Looks very nice - good job!


----------



## Wendyjo (Oct 19, 2012)

PS - turn your flash off to get rid of the glare.


----------



## tromboneplaya (Jul 7, 2010)

I love the shape of your tank! I don't think I've ever seen anything like it before...really cute fish too...beautiful colors


----------



## inuudo (Aug 21, 2012)

STUNNING!!! I love the rocks and the plant selection. And I'm very curious about the problems with the driftwood (especially because it looks great, too), so I shall proceed to thread stalk you until I find out more.


----------



## Lady Courage (Oct 2, 2012)

@Wendyjo Thank you! And thanks for the recommendation, but actually the flash _is_ off. lol The glare you see is the light I was using to try and make sure you could actually see something in the tank. The View LED lights aren't quite bright enough to show you everything clearly in a picture, so I need some sort of outside light to help it. 
But I also need a new camera badly and that _might_ be the issue. lol I'm looking to get an entry level dSLR since I need it for work, but that might be a while before it happens. Until then... I've gotta figure out how to make this camera work. lol

@tromeboneplaya I'd never seen it either until inuudo showed it to me! It's pretty cool, isn't it?  I love how it's so thin and modern, but doesn't give much distortion. And of course, just as the name suggests, it allows me to see Dr. Seuss at almost all times. I do have enough stuff for him to hide behind (and for my future shrimp to hide behind...), but most of the time I can see him swimming around happily.

@inuudo Thank you!!  And thank you SO MUCH for the recommendation again!! I'm very happy with the View thus far and your brilliant baffling idea gave birth to another brilliant baffling idea from my "fix-anything-no-matter-what-it-takes" Dad. lol Here's a few pics of his suggestion:

 
_(click for full size on both)_
#1 Close-up #2 With the lid on


inuudo, you know this already, but to the rest of y'all, don't mind the black stuff on the sponges. lol It's just activated charcoal bits that got caught in the sponge from the filter.
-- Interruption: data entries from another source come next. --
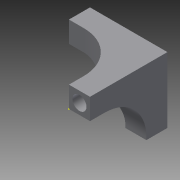
# Autodesk Inventor part: Crossbar holder
Saved by Autodesk Inventor 2015 (Build 190159000, 159)
## iProperties
Created: 2014-11-01
Part Number: Crossbar holder
Material: Generic
Document SubType Name: Modeling
Designer: Scott
Density: 1 g/cm^3
Appearance: Default
Author: Scott
Autodesk Inventor part; units mm, degrees
ref_plane "YZ Plane" through (0, 0, 0) normal (1, 0, 0) x (0, 1, 0)
ref_plane "XZ Plane" through (0, 0, 0) normal (0, 1, 0) x (-1, 0, 0)
ref_plane "XY Plane" through (0, 0, 0) normal (0, 0, 1) x (1, 0, 0)
sketch "Sketch1" plane through (0, 0, 0) normal (0, 1, 0) x (-1, 0, 0)
  point P0 (0, 0)
sketch "Sketch2" plane through (0, 0, 0) normal (0, 1, 0) x (-1, 0, 0)
  line L0 (0, 0) -> (-12, 0)
  line L1 (-12, 0) -> (-12, -38.1)
  line L2 (-12, -38.1) -> (-12, -44.1)
  line L3 (-12, -44.1) -> (-6, -44.1)
  line L4 (-6, -44.1) -> (32.1, -44.1)
  line L5 (32.1, -44.1) -> (32.1, -32.1)
  line L6 (32.1, -32.1) -> (0, -32.1)
  line L7 (0, -32.1) -> (0, 0)
  dimension "d0" = 12
  dimension "d1" = 38.1
  dimension "d2" = 6
  dimension "d3" = 6
  dimension "d4" = 38.1
  dimension "d5" = 12
  constraints: 16 end point, 5 perpendicular, 2 point on line, 1 horizontal
  measures "d0" distance of L0.start L0.end
  measures "d1" distance of L0.end L1.end
  measures "d2" distance of L1.end L2.end
  measures "d3" distance of L2.end L3.end
  measures "d4" distance of L3.end L4.end
  measures "d5" distance of L4.end L5.end
extrude "Extrusion1" add sketch "Sketch2" along normal blind 12
sketch "Sketch3" plane through (0, 0, 0) normal (0, 0, 1) x (1, 0, 0)
  point P0 (0, 0)
sketch "Sketch4" plane through (0, 0, 0) normal (0, 0, 1) x (1, 0, 0)
  line L0 (0, 0) -> (0, 12)
  line L1 (0, 12) -> (12, 12)
  circle A0 centre (6, 6) radius 4
  dimension "d8" = 8
  constraints: 4 end point, 1 centre point, 1 perpendicular, 1 vertical
  measures "d8" diameter of A0
extrude "Extrusion2" cut sketch "Sketch4" against normal blind 12.7
sketch "Sketch5" plane through (-32.1, 0, -44.1) normal (-1, 0, 0) x (0, 0, 1)
  line L0 (0, 12) -> (0, 0)
  line L1 (0, 0) -> (12, 0)
  line L2 (12, 0) -> (12, 12) projected
  circle A0 centre (6, 6) radius 4
  point P0 (44.1, 0)
  dimension "d11" = 8
  constraints: 4 end point, 1 centre point, 1 perpendicular, 1 vertical
  measures "d11" diameter of A0
extrude "Extrusion3" cut sketch "Sketch5" against normal blind 12.7
sketch "Sketch6" plane through (0, 0, 0) normal (0, -1, 0) x (1, 0, 0)
  line L0 (0, -32.1) -> (12, -32.1)
  line L1 (12, 0) -> (12, -44.1) projected
  line L2 (-32.1, -32.1) -> (0, -32.1) projected
  line L3 (0, -32.1) -> (0, -44.1)
  line L4 (12, -32.1) -> (12, -44.1)
  line L5 (12, -44.1) -> (0, -44.1)
  point P0 (0, 0)
  constraints: 8 end point, 2 collinear, 1 perpendicular, 1 point on line, 1 vertical
extrude "Extrusion4" add sketch "Sketch6" along normal blind 25.4
fillet "Fillet1" radius 23.8125 2 edges at (0, 0, -38.1) (6, 0, -32.1)
fillet "Fillet2" radius 23.8125 1 edges at (0, -5.9062, -32.1)
sketch "Sketch7" plane through (0, -25.4, 0) normal (0, -1, 0) x (1, 0, 0)
  line L0 (12, -44.1) -> (12, -32.1)
  line L1 (12, -32.1) -> (0, -32.1)
  line L2 (0, -32.1) -> (12, -32.1) projected
  circle A0 centre (6, -38.1) radius 3
  point P0 (0, 0)
  dimension "d18" = 6
  constraints: 4 end point, 1 centre point, 1 collinear, 1 vertical
  measures "d18" diameter of A0
extrude "Extrusion5" cut sketch "Sketch7" against normal blind 12.7
body "Solid1"

I like this setup because it gives me so much room in the top. Feeding isn't a problem and I have to take the top off for anything else anyway.





The first plant I got I gently unpacked and plunged into the gravel. Well, turns out that tiny plant was a java fern. It did OK, until for a brief while it got moved away from light. I guess the combination of covered roots and REALLY low light just caused it to start to die on me and I almost lost it entire. But I brought it back into the light and slowly but surely... Baby java ferns sprouted from the dying leaves and began to grow.

Well, the original java fern finally fell apart and died completely, so I spent about 30 mins rescuing the babies and finding them something to grip onto.

They are now thriving:

_(click for full size)_
Cute little baby java ferns! ^.^ I'm so glad I haven't killed them yet! lol

Here's a closer look at my rock formation:

_(click for full size)_
These rocks are all "local" and we stuck the formation together with plumber's epoxy. Haven't had an issue with any kind of out-gassing (I would hope!). Doc loves it! And I had fun finding the rocks in the nearby stream.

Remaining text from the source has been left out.